> _Work instruction_:
Extract each line from the entries below that has the string "CityJSON" in it.

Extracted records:
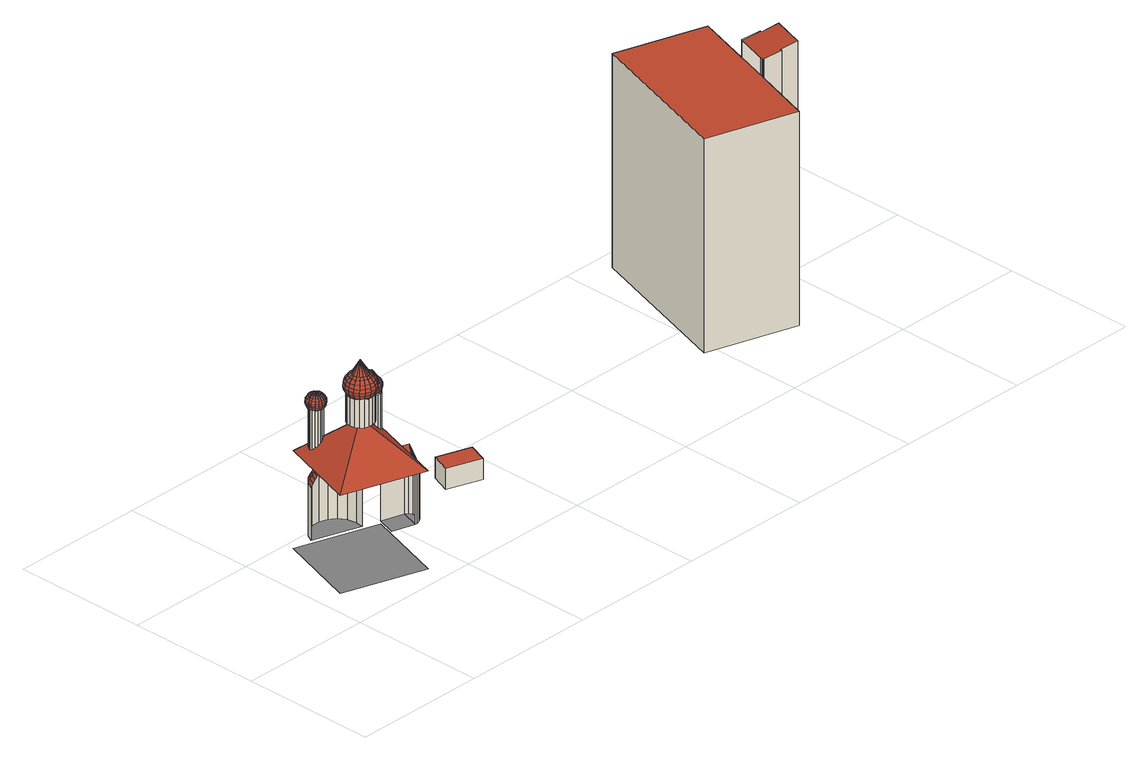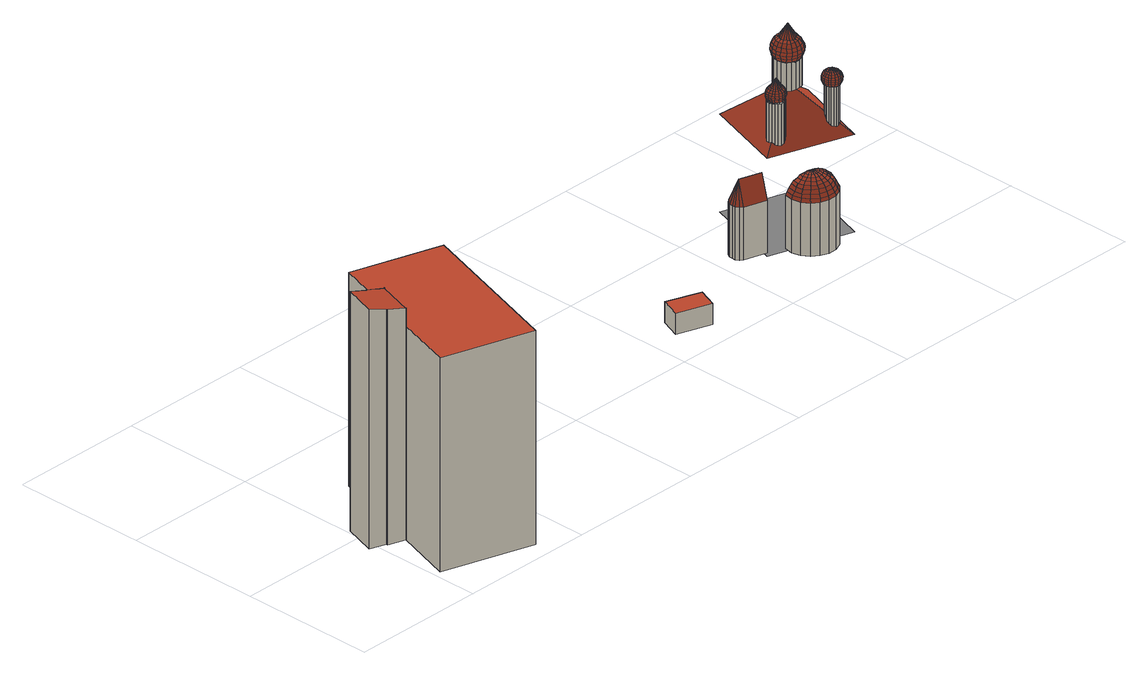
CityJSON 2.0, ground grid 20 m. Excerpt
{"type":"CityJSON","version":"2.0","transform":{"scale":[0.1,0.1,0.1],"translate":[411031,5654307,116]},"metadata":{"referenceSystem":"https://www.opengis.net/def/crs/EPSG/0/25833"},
"CityObjects":{
"building1":{"type":"Building","attributes":{"name":"Kirche des Heiligen Simeon vom Wunderbaren Berge","Gemeindeschluessel":14612000,"QualitaetDacherkennung":100,"Geometrietyp2DReferenz":"3000","function":"31001_3041","roofType":"9999"},"children":["building1-1","building1-2","building1-3","building1-4","building1-5","building1-6","building1-7","building1-8","building1-9","building1-10","building1-11"]},
"building1-1":{"type":"BuildingPart","attributes":{"Dachtyp_tdc":"tdcFreeFormRoof","Dachneigung":82.31,"QualitaetDacherkennung":100,"Geometrietyp2DReferenz":"3000","measuredHeight":8.08,"roofType":"5000"},"parents":["building1"],"geometry":[{"type":"Solid","lod":"2","boundaries":[[[[0,1,2,3]],[[1,4,5,2]],[[4,6,7,5]],[[6,8,9,7]],[[8,10,11,9]],[[10,12,13,11]],[[12,14,15,13]],[[14,16,17,15]],[[16,18,19,17]],[[18,20,21,19]],[[20,22,23,21]],[[22,24,25,23]],[[24,26,27,25]],[[26,28,29,27]],[[28,30,31,29]],[[30,32,33,31]],[[32,34,35,33]],[[34,0,3,35]],[[36,37,38]],[[36,38,39]],[[36,39,40]],[[36,40,41]],[[36,41,42]],[[36,42,43]],[[36,43,44]],[[36,44,45]],[[36,45,46]],[[36,46,47]],[[36,47,48]],[[36,48,49]],[[36,49,50]],[[36,50,51]],[[36,51,52]],[[36,52,53]],[[36,53,54]],[[36,54,37]],[[37,55,56,38]],[[38,56,57,39]],[[39,57,58,40]],[[40,58,59,41]],[[41,59,60,42]],[[42,60,61,43]],[[43,61,62,44]],[[44,62,63,45]],[[45,63,64,46]],[[46,64,65,47]],[[47,65,66,48]],[[48,66,67,49]],[[49,67,68,50]],[[50,68,69,51]],[[51,69,70,52]],[[52,70,71,53]],[[53,71,72,54]],[[54,72,55,37]],[[55,73,74,56]],[[56,74,75,57]],[[57,75,76,58]],[[58,76,77,59]],[[59,77,78,60]],[[60,78,79,61]],[[61,79,80,62]],[[62,80,81,63]],[[63,81,82,64]],[[64,82,83,65]],[[65,83,84,66]],[[66,84,85,67]],[[67,85,86,68]],[[68,86,87,69]],[[69,87,88,70]],[[70,88,89,71]],[[71,89,90,72]],[[72,90,73,55]],[[73,91,92,74]],[[74,92,93,75]],[[75,93,94,76]],[[76,94,95,77]],[[77,95,96,78]],[[78,96,97,79]],[[79,97,98,80]],[[80,98,99,81]],[[81,99,100,82]],[[82,100,101,83]],[[83,101,102,84]],[[84,102,103,85]],[[85,103,104,86]],[[86,104,105,87]],[[87,105,106,88]],[[88,106,107,89]],[[89,107,108,90]],[[90,108,91,73]],[[91,109,110,92]],[[92,110,111,93]],[[93,111,112,94]],[[94,112,113,95]],[[95,113,114,96]],[[96,114,115,97]],[[97,115,116,98]],[[98,116,117,99]],[[99,117,118,100]],[[100,118,119,101]],[[101,119,120,102]],[[102,120,121,103]],[[103,121,122,104]],[[104,122,123,105]],[[105,123,124,106]],[[106,124,125,107]],[[107,125,126,108]],[[108,126,109,91]],[[109,127,128,110]],[[110,128,129,111]],[[111,129,130,112]],[[112,130,131,113]],[[113,131,132,114]],[[114,132,133,115]],[[115,133,134,116]],[[116,134,135,117]],[[117,135,136,118]],[[118,136,137,119]],[[119,137,138,120]],[[120,138,139,121]],[[121,139,140,122]],[[122,140,141,123]],[[123,141,142,124]],[[124,142,143,125]],[[125,143,144,126]],[[126,144,127,109]],[[127,145,146,128]],[[128,146,147,129]],[[129,147,148,130]],[[130,148,149,131]],[[131,149,150,132]],[[132,150,151,133]],[[133,151,152,134]],[[134,152,153,135]],[[135,153,154,136]],[[136,154,155,137]],[[137,155,156,138]],[[138,156,157,139]],[[139,157,158,140]],[[140,158,159,141]],[[141,159,160,142]],[[142,160,161,143]],[[143,161,162,144]],[[144,162,145,127]],[[145,163,164,146]],[[146,164,165,147]],[[147,165,166,148]],[[148,166,167,149]],[[149,167,168,150]],[[150,168,169,151]],[[151,169,170,152]],[[152,170,171,153]],[[153,171,172,154]],[[154,172,173,155]],[[155,173,174,156]],[[156,174,175,157]],[[157,175,176,158]],[[158,176,177,159]],[[159,177,178,160]],[[160,178,179,161]],[[161,179,180,162]],[[162,180,163,145]],[[163,34,32,164]],[[164,32,30,165]],[[165,30,28,166]],[[166,28,26,167]],[[167,26,24,168]],[[168,24,22,169]],[[169,22,20,170]],[[170,20,18,171]],[[171,18,16,172]],[[172,16,14,173]],[[173,14,12,174]],[[174,12,10,175]],[[175,10,8,176]],[[176,8,6,177]],[[177,6,4,178]],[[178,4,1,179]],[[179,1,0,180]],[[180,0,34,163]],[[3,2,5,7,9,11,13,15,17,19,21,23,25,27,29,31,33,35]]]],"semantics":{"surfaces":[{"type":"WallSurface"},{"type":"RoofSurface"},{"type":"GroundSurface"}],"values":[[0,0,0,0,0,0,0,0,0,0,0,0,0,0,0,0,0,0,1,1,1,1,1,1,1,1,1,1,1,1,1,1,1,1,1,1,1,1,1,1,1,1,1,1,1,1,1,1,1,1,1,1,1,1,1,1,1,1,1,1,1,1,1,1,1,1,1,1,1,1,1,1,1,1,1,1,1,1,1,1,1,1,1,1,1,1,1,1,1,1,1,1,1,1,1,1,1,1,1,1,1,1,1,1,1,1,1,1,1,1,1,1,1,1,1,1,1,1,1,1,1,1,1,1,1,1,1,1,1,1,1,1,1,1,1,1,1,1,1,1,1,1,1,1,1,1,1,1,1,1,1,1,1,1,1,1,1,1,1,1,1,1,1,1,1,1,1,1,1,1,1,1,1,1,1,1,1,1,1,1,2]]}}]},
"building1-2":{"type":"BuildingPart","attributes":{"Dachtyp_tdc":"tdcFreeFormRoof","Dachneigung":82.28,"QualitaetDacherkennung":100,"Geometrietyp2DReferenz":"3000","measuredHeight":7.26,"roofType":"5000"},"parents":["building1"],"geometry":[{"type":"Solid","lod":"2","boundaries":[[[[181,182,183,184]],[[184,183,185,186]],[[186,185,187,188]],[[188,187,189,190]],[[190,189,191,192]],[[192,191,193,194]],[[194,193,195,196]],[[196,195,197,198]],[[198,197,199,200]],[[200,199,201,202]],[[202,201,203,204]],[[204,203,205,206]],[[206,205,207,208]],[[208,207,209,210]],[[210,209,211,212]],[[212,211,213,214]],[[214,213,215,216]],[[215,217,218,182]],[[182,218,219,183]],[[183,219,220,185]],[[185,220,221,187]],[[187,221,222,189]],[[189,222,223,191]],[[191,223,224,193]],[[193,224,225,195]],[[195,225,226,197]],[[197,226,227,199]],[[199,227,228,201]],[[201,228,229,203]],[[203,229,230,205]],[[205,230,231,207]],[[207,231,232,209]],[[209,232,233,211]],[[211,233,234,213]],[[213,234,217,215]],[[217,235,236,218]],[[218,236,237,219]],[[219,237,238,220]],[[220,238,239,221]],[[221,239,240,222]],[[222,240,241,223]],[[223,241,242,224]],[[224,242,243,225]],[[225,243,244,226]],[[226,244,245,227]],[[227,245,246,228]],[[228,246,247,229]],[[229,247,248,230]],[[230,248,249,231]],[[231,249,250,232]],[[232,250,251,233]],[[233,251,252,234]],[[234,252,235,217]],[[235,253,254,236]],[[236,254,255,237]],[[237,255,256,238]],[[238,256,257,239]],[[239,257,258,240]],[[240,258,259,241]],[[241,259,260,242]],[[242,260,261,243]],[[243,261,262,244]],[[244,262,263,245]],[[245,263,264,246]],[[246,264,265,247]],[[247,265,266,248]],[[248,266,267,249]],[[249,267,268,250]],[[250,268,269,251]],[[251,269,270,252]],[[252,270,253,235]],[[271,272,273,274,275,276,277,278,279,280,281,282,283,284,285,286,287,288]],[[270,269,272,271]],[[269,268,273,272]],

> _Response_:
CityJSON 2.0, ground grid 20 m. Excerpt
{"type":"CityJSON","version":"2.0","transform":{"scale":[0.1,0.1,0.1],"translate":[411031,5654307,116]},"metadata":{"referenceSystem":"https://www.opengis.net/def/crs/EPSG/0/25833"},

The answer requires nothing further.